# A few North Dakota lessors getting ''right''



## George Zahradka (Aug 27, 2008)




----------



## cgreeny (Apr 21, 2004)

Some sweet pics George..


----------



## brobones (Mar 10, 2004)

Thanks for sharing looks like a great hunt .


----------



## USAlx50 (Nov 30, 2004)

Great pics! I hope some of those friendly geese got the steel too 8)


----------



## nodakoutdoors.com (Feb 27, 2002)

My favorite pics - never get old.


----------



## R y a n (Apr 4, 2005)

Wow.

Incredible pics!


----------



## USSapper (Sep 26, 2005)

Sure doesnt get much better than that.

I like how your dekes are set up, nice and tight....Looks like you have a big set up to.


----------



## waterfowler22 (Aug 30, 2007)

Those are some amazing pics good work!


----------



## MDV89 (Sep 8, 2008)

amazing...thanks for sharing!


----------



## George Zahradka (Aug 27, 2008)

Thanks guys ....We were running 22 doz ghg ffds' lessors...the never knew what hit them....


----------



## waterfowler7 (Sep 16, 2008)

Those are some awesome pics and thats a hell of a spread


----------



## 9manfan (Oct 22, 2008)

Very nice!!!!!!


----------



## T Shot (Oct 4, 2002)

Sweet!

And here I thought I was the only one that deployed the "headless fullbody" spread.


----------



## Almomatic (May 6, 2006)

Hunting in one of my favorite fields, always a good hunt there. :beer: Heard you guys piled up some snows too.


----------



## Sd snow goose killer (Jan 20, 2007)

Awesome pics man.. keep 'um comin


----------



## USAlx50 (Nov 30, 2004)

T Shot said:


> Sweet!
> 
> And here I thought I was the only one that deployed the "headless fullbody" spread.

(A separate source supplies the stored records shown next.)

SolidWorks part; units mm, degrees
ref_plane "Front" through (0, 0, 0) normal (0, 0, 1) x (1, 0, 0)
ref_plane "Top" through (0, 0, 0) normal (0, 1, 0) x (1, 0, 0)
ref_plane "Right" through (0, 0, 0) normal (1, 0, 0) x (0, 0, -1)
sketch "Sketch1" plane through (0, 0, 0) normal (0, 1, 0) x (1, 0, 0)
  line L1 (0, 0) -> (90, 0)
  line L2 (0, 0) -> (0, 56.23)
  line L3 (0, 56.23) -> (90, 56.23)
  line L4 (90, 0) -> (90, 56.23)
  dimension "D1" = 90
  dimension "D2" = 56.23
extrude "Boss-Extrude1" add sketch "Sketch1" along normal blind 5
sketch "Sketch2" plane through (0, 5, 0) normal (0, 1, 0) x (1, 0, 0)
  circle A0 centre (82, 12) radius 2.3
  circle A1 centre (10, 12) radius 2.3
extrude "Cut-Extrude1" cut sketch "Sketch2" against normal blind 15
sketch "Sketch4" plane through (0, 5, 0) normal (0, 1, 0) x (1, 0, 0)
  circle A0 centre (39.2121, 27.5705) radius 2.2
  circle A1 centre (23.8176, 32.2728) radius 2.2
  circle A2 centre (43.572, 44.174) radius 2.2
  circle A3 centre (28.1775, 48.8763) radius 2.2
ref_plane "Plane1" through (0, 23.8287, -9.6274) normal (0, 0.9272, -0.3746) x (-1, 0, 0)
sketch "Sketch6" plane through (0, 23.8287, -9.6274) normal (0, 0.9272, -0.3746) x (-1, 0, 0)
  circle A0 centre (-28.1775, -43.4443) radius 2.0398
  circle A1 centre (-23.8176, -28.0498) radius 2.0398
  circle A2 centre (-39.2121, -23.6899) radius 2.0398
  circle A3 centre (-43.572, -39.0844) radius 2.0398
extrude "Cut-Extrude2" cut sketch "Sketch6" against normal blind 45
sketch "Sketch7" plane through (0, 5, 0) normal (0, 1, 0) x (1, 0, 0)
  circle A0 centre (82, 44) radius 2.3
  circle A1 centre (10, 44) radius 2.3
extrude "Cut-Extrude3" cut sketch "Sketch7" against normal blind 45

Ha, I think 95% of people who use GHG decoys have an issue with "headless fullbodies"


----------



## George Zahradka (Aug 27, 2008)

we avg. 49 birds a day for the week....Not bad for a bunch of head less decoys.....out of 22 doz lessors theres about 6 where the heads broke off.....from know on we stack our decoys on the side in the bags THIS HELPS ALOT.....


----------



## Man of all Seasons (Sep 14, 2008)

great pics! wow


----------



## TNESS (Sep 30, 2008)

Sweet pics.....nice job


----------